* WORK TO BE COMPLETED
Set down every entry exactly as it was written.

[Saved entries]

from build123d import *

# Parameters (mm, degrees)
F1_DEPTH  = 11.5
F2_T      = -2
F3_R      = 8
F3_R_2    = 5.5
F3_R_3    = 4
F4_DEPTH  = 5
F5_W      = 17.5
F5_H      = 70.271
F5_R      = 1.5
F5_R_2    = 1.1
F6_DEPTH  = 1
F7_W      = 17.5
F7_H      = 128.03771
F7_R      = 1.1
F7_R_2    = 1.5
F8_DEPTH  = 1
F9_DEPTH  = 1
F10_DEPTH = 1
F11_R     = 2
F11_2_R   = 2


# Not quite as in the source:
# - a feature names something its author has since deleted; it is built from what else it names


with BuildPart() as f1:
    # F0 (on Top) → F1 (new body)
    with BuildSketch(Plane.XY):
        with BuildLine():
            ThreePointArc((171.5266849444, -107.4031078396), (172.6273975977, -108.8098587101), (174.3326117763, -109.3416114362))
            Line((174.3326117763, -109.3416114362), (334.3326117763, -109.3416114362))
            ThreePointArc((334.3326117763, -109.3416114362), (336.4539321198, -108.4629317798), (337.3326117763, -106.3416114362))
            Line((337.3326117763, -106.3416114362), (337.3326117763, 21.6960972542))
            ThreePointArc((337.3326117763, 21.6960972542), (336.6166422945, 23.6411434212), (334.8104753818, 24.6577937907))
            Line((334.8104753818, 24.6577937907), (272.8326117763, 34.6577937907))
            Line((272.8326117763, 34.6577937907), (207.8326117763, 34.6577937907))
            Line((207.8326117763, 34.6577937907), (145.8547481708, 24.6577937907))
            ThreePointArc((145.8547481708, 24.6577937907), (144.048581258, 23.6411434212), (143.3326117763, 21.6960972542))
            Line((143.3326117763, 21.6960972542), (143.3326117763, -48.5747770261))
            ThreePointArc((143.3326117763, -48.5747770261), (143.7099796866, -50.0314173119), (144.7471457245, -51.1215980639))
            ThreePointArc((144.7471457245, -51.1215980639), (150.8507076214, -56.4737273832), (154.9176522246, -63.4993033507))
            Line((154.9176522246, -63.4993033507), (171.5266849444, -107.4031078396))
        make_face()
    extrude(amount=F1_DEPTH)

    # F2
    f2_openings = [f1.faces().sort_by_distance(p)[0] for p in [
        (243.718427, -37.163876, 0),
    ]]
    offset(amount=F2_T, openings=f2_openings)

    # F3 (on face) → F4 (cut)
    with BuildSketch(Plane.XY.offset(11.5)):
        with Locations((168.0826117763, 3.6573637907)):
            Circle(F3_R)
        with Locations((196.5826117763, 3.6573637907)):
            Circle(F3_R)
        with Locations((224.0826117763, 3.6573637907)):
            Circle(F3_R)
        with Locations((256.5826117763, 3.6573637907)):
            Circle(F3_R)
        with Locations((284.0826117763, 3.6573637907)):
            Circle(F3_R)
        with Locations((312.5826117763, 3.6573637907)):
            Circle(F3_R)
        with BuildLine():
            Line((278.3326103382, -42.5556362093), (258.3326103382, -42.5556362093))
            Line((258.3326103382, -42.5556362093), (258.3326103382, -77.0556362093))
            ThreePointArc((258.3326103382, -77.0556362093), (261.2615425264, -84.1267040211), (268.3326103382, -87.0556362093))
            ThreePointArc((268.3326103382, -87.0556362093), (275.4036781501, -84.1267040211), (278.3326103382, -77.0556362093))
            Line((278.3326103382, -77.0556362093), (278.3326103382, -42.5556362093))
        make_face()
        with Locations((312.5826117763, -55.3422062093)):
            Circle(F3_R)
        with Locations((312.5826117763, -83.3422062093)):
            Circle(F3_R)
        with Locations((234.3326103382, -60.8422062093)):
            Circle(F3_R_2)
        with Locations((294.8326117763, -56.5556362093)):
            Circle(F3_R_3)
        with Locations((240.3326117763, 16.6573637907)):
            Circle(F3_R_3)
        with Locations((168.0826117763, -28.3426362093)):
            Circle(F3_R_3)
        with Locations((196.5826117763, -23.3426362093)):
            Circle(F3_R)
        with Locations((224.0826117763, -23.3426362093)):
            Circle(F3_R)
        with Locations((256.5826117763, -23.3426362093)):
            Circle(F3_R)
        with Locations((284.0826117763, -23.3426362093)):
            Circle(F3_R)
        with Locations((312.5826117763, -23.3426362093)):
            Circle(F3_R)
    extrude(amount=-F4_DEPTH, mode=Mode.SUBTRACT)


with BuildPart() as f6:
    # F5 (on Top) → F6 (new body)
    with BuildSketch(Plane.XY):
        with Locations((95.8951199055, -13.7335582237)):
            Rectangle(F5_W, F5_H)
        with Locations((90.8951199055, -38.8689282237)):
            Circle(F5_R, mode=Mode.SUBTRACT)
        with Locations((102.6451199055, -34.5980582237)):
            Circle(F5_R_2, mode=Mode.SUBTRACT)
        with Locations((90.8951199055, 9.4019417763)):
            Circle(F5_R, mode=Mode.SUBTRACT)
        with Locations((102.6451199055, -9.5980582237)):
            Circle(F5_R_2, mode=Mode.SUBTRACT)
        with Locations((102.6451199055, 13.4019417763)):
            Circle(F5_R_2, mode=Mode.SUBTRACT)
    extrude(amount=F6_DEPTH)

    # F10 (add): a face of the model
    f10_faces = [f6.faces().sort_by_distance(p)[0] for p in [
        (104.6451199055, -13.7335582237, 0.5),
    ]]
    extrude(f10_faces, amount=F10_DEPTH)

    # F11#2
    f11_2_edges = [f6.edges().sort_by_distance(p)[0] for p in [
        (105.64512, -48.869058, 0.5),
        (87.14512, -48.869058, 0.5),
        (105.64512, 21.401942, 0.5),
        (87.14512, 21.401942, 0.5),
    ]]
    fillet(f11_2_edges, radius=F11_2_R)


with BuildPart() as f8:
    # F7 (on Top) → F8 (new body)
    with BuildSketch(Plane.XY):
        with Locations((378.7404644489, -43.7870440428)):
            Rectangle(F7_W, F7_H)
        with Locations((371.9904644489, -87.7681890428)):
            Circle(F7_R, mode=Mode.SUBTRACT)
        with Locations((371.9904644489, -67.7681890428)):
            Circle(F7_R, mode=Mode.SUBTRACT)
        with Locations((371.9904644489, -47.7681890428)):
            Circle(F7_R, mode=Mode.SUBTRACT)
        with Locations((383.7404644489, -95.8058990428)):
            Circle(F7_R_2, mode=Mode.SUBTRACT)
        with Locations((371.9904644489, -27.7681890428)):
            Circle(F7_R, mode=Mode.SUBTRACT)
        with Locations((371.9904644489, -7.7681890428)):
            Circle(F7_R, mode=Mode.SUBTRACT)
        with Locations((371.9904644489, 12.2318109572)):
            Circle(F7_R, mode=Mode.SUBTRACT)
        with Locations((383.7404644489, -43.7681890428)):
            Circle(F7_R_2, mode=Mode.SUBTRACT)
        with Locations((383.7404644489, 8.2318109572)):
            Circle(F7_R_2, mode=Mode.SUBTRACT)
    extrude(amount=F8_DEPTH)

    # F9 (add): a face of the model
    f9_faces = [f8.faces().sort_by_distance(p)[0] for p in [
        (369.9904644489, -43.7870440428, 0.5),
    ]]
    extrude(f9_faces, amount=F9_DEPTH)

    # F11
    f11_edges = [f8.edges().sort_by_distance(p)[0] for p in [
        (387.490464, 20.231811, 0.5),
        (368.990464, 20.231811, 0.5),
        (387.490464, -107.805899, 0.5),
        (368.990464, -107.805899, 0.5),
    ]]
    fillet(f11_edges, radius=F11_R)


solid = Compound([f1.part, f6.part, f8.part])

* RESPONSE TO THE EXERCISE
from build123d import *

# Parameters (mm, degrees)
F1_DEPTH  = 11.5
F2_T      = -2
F3_R      = 8
F3_R_2    = 5.5
F3_R_3    = 4
F4_DEPTH  = 5
F5_W      = 17.5
F5_H      = 70.271
F5_R      = 1.5
F5_R_2    = 1.1
F6_DEPTH  = 1
F7_W      = 17.5
F7_H      = 128.03771
F7_R      = 1.1
F7_R_2    = 1.5
F8_DEPTH  = 1
F9_DEPTH  = 1
F10_DEPTH = 1
F11_R     = 2
F11_2_R   = 2


# Not quite as in the source:
# - a feature names something its author has since deleted; it is built from what else it names


with BuildPart() as f1:
    # F0 (on Top) → F1 (new body)
    with BuildSketch(Plane.XY):
        with BuildLine():
            ThreePointArc((171.5266849444, -107.4031078396), (172.6273975977, -108.8098587101), (174.3326117763, -109.3416114362))
            Line((174.3326117763, -109.3416114362), (334.3326117763, -109.3416114362))
            ThreePointArc((334.3326117763, -109.3416114362), (336.4539321198, -108.4629317798), (337.3326117763, -106.3416114362))
            Line((337.3326117763, -106.3416114362), (337.3326117763, 21.6960972542))
            ThreePointArc((337.3326117763, 21.6960972542), (336.6166422945, 23.6411434212), (334.8104753818, 24.6577937907))
            Line((334.8104753818, 24.6577937907), (272.8326117763, 34.6577937907))
            Line((272.8326117763, 34.6577937907), (207.8326117763, 34.6577937907))
            Line((207.8326117763, 34.6577937907), (145.8547481708, 24.6577937907))
            ThreePointArc((145.8547481708, 24.6577937907), (144.048581258, 23.6411434212), (143.3326117763, 21.6960972542))
            Line((143.3326117763, 21.6960972542), (143.3326117763, -48.5747770261))
            ThreePointArc((143.3326117763, -48.5747770261), (143.7099796866, -50.0314173119), (144.7471457245, -51.1215980639))
            ThreePointArc((144.7471457245, -51.1215980639), (150.8507076214, -56.4737273832), (154.9176522246, -63.4993033507))
            Line((154.9176522246, -63.4993033507), (171.5266849444, -107.4031078396))
        make_face()
    extrude(amount=F1_DEPTH)

    # F2
    f2_openings = [f1.faces().sort_by_distance(p)[0] for p in [
        (243.718427, -37.163876, 0),
    ]]
    offset(amount=F2_T, openings=f2_openings)

    # F3 (on face) → F4 (cut)
    with BuildSketch(Plane.XY.offset(11.5)):
        with Locations((168.0826117763, 3.6573637907)):
            Circle(F3_R)
        with Locations((196.5826117763, 3.6573637907)):
            Circle(F3_R)
        with Locations((224.0826117763, 3.6573637907)):
            Circle(F3_R)
        with Locations((256.5826117763, 3.6573637907)):
            Circle(F3_R)
        with Locations((284.0826117763, 3.6573637907)):
            Circle(F3_R)
        with Locations((312.5826117763, 3.6573637907)):
            Circle(F3_R)
        with BuildLine():
            Line((278.3326103382, -42.5556362093), (258.3326103382, -42.5556362093))
            Line((258.3326103382, -42.5556362093), (258.3326103382, -77.0556362093))
            ThreePointArc((258.3326103382, -77.0556362093), (261.2615425264, -84.1267040211), (268.3326103382, -87.0556362093))
            ThreePointArc((268.3326103382, -87.0556362093), (275.4036781501, -84.1267040211), (278.3326103382, -77.0556362093))
            Line((278.3326103382, -77.0556362093), (278.3326103382, -42.5556362093))
        make_face()
        with Locations((312.5826117763, -55.3422062093)):
            Circle(F3_R)
        with Locations((312.5826117763, -83.3422062093)):
            Circle(F3_R)
        with Locations((234.3326103382, -60.8422062093)):
            Circle(F3_R_2)
        with Locations((294.8326117763, -56.5556362093)):
            Circle(F3_R_3)
        with Locations((240.3326117763, 16.6573637907)):
            Circle(F3_R_3)
        with Locations((168.0826117763, -28.3426362093)):
            Circle(F3_R_3)
        with Locations((196.5826117763, -23.3426362093)):
            Circle(F3_R)
        with Locations((224.0826117763, -23.3426362093)):
            Circle(F3_R)
        with Locations((256.5826117763, -23.3426362093)):
            Circle(F3_R)
        with Locations((284.0826117763, -23.3426362093)):
            Circle(F3_R)
        with Locations((312.5826117763, -23.3426362093)):
            Circle(F3_R)
    extrude(amount=-F4_DEPTH, mode=Mode.SUBTRACT)


with BuildPart() as f6:
    # F5 (on Top) → F6 (new body)
    with BuildSketch(Plane.XY):
        with Locations((95.8951199055, -13.7335582237)):
            Rectangle(F5_W, F5_H)
        with Locations((90.8951199055, -38.8689282237)):
            Circle(F5_R, mode=Mode.SUBTRACT)
        with Locations((102.6451199055, -34.5980582237)):
            Circle(F5_R_2, mode=Mode.SUBTRACT)
        with Locations((90.8951199055, 9.4019417763)):
            Circle(F5_R, mode=Mode.SUBTRACT)
        with Locations((102.6451199055, -9.5980582237)):
            Circle(F5_R_2, mode=Mode.SUBTRACT)
        with Locations((102.6451199055, 13.4019417763)):
            Circle(F5_R_2, mode=Mode.SUBTRACT)
    extrude(amount=F6_DEPTH)

    # F10 (add): a face of the model
    f10_faces = [f6.faces().sort_by_distance(p)[0] for p in [
        (104.6451199055, -13.7335582237, 0.5),
    ]]
    extrude(f10_faces, amount=F10_DEPTH)

    # F11#2
    f11_2_edges = [f6.edges().sort_by_distance(p)[0] for p in [
        (105.64512, -48.869058, 0.5),
        (87.14512, -48.869058, 0.5),
        (105.64512, 21.401942, 0.5),
        (87.14512, 21.401942, 0.5),
    ]]
    fillet(f11_2_edges, radius=F11_2_R)


with BuildPart() as f8:
    # F7 (on Top) → F8 (new body)
    with BuildSketch(Plane.XY):
        with Locations((378.7404644489, -43.7870440428)):
            Rectangle(F7_W, F7_H)
        with Locations((371.9904644489, -87.7681890428)):
            Circle(F7_R, mode=Mode.SUBTRACT)
        with Locations((371.9904644489, -67.7681890428)):
            Circle(F7_R, mode=Mode.SUBTRACT)
        with Locations((371.9904644489, -47.7681890428)):
            Circle(F7_R, mode=Mode.SUBTRACT)
        with Locations((383.7404644489, -95.8058990428)):
            Circle(F7_R_2, mode=Mode.SUBTRACT)
        with Locations((371.9904644489, -27.7681890428)):
            Circle(F7_R, mode=Mode.SUBTRACT)
        with Locations((371.9904644489, -7.7681890428)):
            Circle(F7_R, mode=Mode.SUBTRACT)
        with Locations((371.9904644489, 12.2318109572)):
            Circle(F7_R, mode=Mode.SUBTRACT)
        with Locations((383.7404644489, -43.7681890428)):
            Circle(F7_R_2, mode=Mode.SUBTRACT)
        with Locations((383.7404644489, 8.2318109572)):
            Circle(F7_R_2, mode=Mode.SUBTRACT)
    extrude(amount=F8_DEPTH)

    # F9 (add): a face of the model
    f9_faces = [f8.faces().sort_by_distance(p)[0] for p in [
        (369.9904644489, -43.7870440428, 0.5),
    ]]
    extrude(f9_faces, amount=F9_DEPTH)

    # F11
    f11_edges = [f8.edges().sort_by_distance(p)[0] for p in [
        (387.490464, 20.231811, 0.5),
        (368.990464, 20.231811, 0.5),
        (387.490464, -107.805899, 0.5),
        (368.990464, -107.805899, 0.5),
    ]]
    fillet(f11_edges, radius=F11_R)


solid = Compound([f1.part, f6.part, f8.part])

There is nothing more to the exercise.